**WHAT IS REQUIRED:** Copy the data below exactly. Any pictures in it should be omitted.

**DATA FOR THIS EXERCISE:**
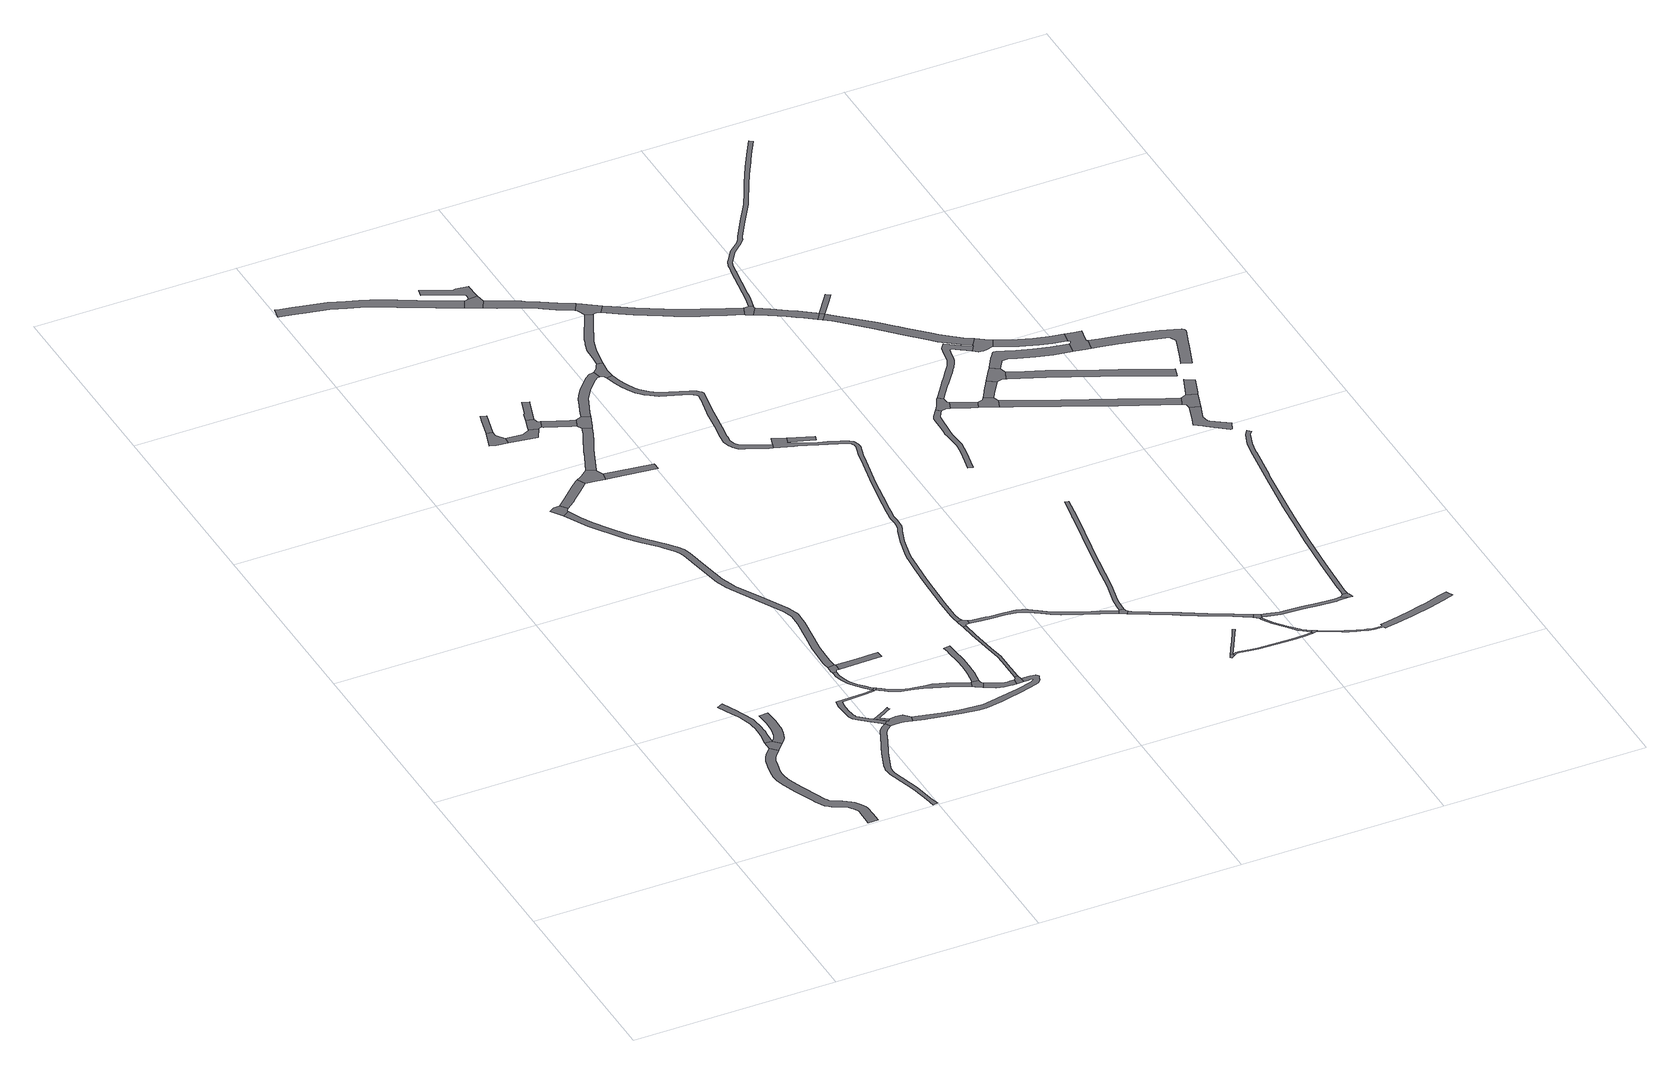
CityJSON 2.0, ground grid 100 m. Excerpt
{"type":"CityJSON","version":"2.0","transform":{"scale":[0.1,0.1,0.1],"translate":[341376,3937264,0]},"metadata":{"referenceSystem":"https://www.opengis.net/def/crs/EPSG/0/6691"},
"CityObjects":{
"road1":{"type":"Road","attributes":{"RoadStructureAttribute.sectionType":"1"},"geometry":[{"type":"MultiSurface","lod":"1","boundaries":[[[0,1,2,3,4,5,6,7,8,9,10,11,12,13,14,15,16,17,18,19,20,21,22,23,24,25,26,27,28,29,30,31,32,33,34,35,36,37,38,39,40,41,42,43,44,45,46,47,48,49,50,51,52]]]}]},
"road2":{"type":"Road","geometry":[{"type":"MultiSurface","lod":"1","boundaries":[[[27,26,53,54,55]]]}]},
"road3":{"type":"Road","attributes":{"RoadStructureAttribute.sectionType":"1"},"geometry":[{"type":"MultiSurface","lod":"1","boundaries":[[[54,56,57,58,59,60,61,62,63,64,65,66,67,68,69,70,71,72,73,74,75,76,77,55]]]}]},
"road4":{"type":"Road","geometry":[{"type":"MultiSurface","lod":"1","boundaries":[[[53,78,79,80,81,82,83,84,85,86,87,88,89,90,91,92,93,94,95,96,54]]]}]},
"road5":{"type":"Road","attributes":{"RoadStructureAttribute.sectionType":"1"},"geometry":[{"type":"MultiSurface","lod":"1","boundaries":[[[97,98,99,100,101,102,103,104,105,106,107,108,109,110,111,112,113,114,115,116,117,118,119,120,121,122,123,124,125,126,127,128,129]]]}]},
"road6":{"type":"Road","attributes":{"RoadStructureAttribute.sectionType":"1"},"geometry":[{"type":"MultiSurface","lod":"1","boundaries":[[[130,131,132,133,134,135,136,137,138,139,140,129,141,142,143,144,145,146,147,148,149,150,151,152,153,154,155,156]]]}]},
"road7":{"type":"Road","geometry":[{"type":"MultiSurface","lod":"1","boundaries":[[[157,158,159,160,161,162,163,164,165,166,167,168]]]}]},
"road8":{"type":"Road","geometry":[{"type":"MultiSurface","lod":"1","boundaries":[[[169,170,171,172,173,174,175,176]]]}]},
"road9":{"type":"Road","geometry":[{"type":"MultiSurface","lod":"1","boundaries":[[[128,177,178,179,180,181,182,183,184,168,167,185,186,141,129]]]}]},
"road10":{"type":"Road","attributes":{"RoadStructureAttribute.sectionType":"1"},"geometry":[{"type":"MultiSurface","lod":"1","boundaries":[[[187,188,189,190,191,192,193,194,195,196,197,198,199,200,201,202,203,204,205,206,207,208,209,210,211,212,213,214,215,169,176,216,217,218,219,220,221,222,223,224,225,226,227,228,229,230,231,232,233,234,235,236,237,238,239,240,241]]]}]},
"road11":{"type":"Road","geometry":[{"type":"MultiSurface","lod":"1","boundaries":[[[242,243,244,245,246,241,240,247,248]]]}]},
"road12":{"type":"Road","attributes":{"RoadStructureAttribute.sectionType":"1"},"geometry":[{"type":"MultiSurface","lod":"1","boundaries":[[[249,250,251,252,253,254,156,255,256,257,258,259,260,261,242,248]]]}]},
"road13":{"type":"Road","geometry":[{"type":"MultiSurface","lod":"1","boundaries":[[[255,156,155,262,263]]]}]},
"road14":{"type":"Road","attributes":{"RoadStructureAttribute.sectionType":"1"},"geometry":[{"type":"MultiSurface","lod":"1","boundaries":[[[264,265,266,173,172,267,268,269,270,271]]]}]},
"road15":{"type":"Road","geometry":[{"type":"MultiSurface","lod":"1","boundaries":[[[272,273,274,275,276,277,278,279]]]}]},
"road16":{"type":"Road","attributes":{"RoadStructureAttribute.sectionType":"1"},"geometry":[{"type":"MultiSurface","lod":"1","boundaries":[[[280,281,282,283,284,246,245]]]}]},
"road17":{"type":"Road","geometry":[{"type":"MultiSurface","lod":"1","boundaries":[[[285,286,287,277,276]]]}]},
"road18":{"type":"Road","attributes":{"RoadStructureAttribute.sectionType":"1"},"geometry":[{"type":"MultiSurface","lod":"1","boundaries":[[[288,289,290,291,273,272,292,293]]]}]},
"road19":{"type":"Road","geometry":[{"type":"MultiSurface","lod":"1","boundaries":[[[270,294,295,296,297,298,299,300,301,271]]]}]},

**WRITTEN SOLUTION:**
CityJSON 2.0, ground grid 100 m. Excerpt
{"type":"CityJSON","version":"2.0","transform":{"scale":[0.1,0.1,0.1],"translate":[341376,3937264,0]},"metadata":{"referenceSystem":"https://www.opengis.net/def/crs/EPSG/0/6691"},
"CityObjects":{
"road1":{"type":"Road","attributes":{"RoadStructureAttribute.sectionType":"1"},"geometry":[{"type":"MultiSurface","lod":"1","boundaries":[[[0,1,2,3,4,5,6,7,8,9,10,11,12,13,14,15,16,17,18,19,20,21,22,23,24,25,26,27,28,29,30,31,32,33,34,35,36,37,38,39,40,41,42,43,44,45,46,47,48,49,50,51,52]]]}]},
"road2":{"type":"Road","geometry":[{"type":"MultiSurface","lod":"1","boundaries":[[[27,26,53,54,55]]]}]},
"road3":{"type":"Road","attributes":{"RoadStructureAttribute.sectionType":"1"},"geometry":[{"type":"MultiSurface","lod":"1","boundaries":[[[54,56,57,58,59,60,61,62,63,64,65,66,67,68,69,70,71,72,73,74,75,76,77,55]]]}]},
"road4":{"type":"Road","geometry":[{"type":"MultiSurface","lod":"1","boundaries":[[[53,78,79,80,81,82,83,84,85,86,87,88,89,90,91,92,93,94,95,96,54]]]}]},
"road5":{"type":"Road","attributes":{"RoadStructureAttribute.sectionType":"1"},"geometry":[{"type":"MultiSurface","lod":"1","boundaries":[[[97,98,99,100,101,102,103,104,105,106,107,108,109,110,111,112,113,114,115,116,117,118,119,120,121,122,123,124,125,126,127,128,129]]]}]},
"road6":{"type":"Road","attributes":{"RoadStructureAttribute.sectionType":"1"},"geometry":[{"type":"MultiSurface","lod":"1","boundaries":[[[130,131,132,133,134,135,136,137,138,139,140,129,141,142,143,144,145,146,147,148,149,150,151,152,153,154,155,156]]]}]},
"road7":{"type":"Road","geometry":[{"type":"MultiSurface","lod":"1","boundaries":[[[157,158,159,160,161,162,163,164,165,166,167,168]]]}]},
"road8":{"type":"Road","geometry":[{"type":"MultiSurface","lod":"1","boundaries":[[[169,170,171,172,173,174,175,176]]]}]},
"road9":{"type":"Road","geometry":[{"type":"MultiSurface","lod":"1","boundaries":[[[128,177,178,179,180,181,182,183,184,168,167,185,186,141,129]]]}]},
"road10":{"type":"Road","attributes":{"RoadStructureAttribute.sectionType":"1"},"geometry":[{"type":"MultiSurface","lod":"1","boundaries":[[[187,188,189,190,191,192,193,194,195,196,197,198,199,200,201,202,203,204,205,206,207,208,209,210,211,212,213,214,215,169,176,216,217,218,219,220,221,222,223,224,225,226,227,228,229,230,231,232,233,234,235,236,237,238,239,240,241]]]}]},
"road11":{"type":"Road","geometry":[{"type":"MultiSurface","lod":"1","boundaries":[[[242,243,244,245,246,241,240,247,248]]]}]},
"road12":{"type":"Road","attributes":{"RoadStructureAttribute.sectionType":"1"},"geometry":[{"type":"MultiSurface","lod":"1","boundaries":[[[249,250,251,252,253,254,156,255,256,257,258,259,260,261,242,248]]]}]},
"road13":{"type":"Road","geometry":[{"type":"MultiSurface","lod":"1","boundaries":[[[255,156,155,262,263]]]}]},
"road14":{"type":"Road","attributes":{"RoadStructureAttribute.sectionType":"1"},"geometry":[{"type":"MultiSurface","lod":"1","boundaries":[[[264,265,266,173,172,267,268,269,270,271]]]}]},
"road15":{"type":"Road","geometry":[{"type":"MultiSurface","lod":"1","boundaries":[[[272,273,274,275,276,277,278,279]]]}]},
"road16":{"type":"Road","attributes":{"RoadStructureAttribute.sectionType":"1"},"geometry":[{"type":"MultiSurface","lod":"1","boundaries":[[[280,281,282,283,284,246,245]]]}]},
"road17":{"type":"Road","geometry":[{"type":"MultiSurface","lod":"1","boundaries":[[[285,286,287,277,276]]]}]},
"road18":{"type":"Road","attributes":{"RoadStructureAttribute.sectionType":"1"},"geometry":[{"type":"MultiSurface","lod":"1","boundaries":[[[288,289,290,291,273,272,292,293]]]}]},
"road19":{"type":"Road","geometry":[{"type":"MultiSurface","lod":"1","boundaries":[[[270,294,295,296,297,298,299,300,301,271]]]}]},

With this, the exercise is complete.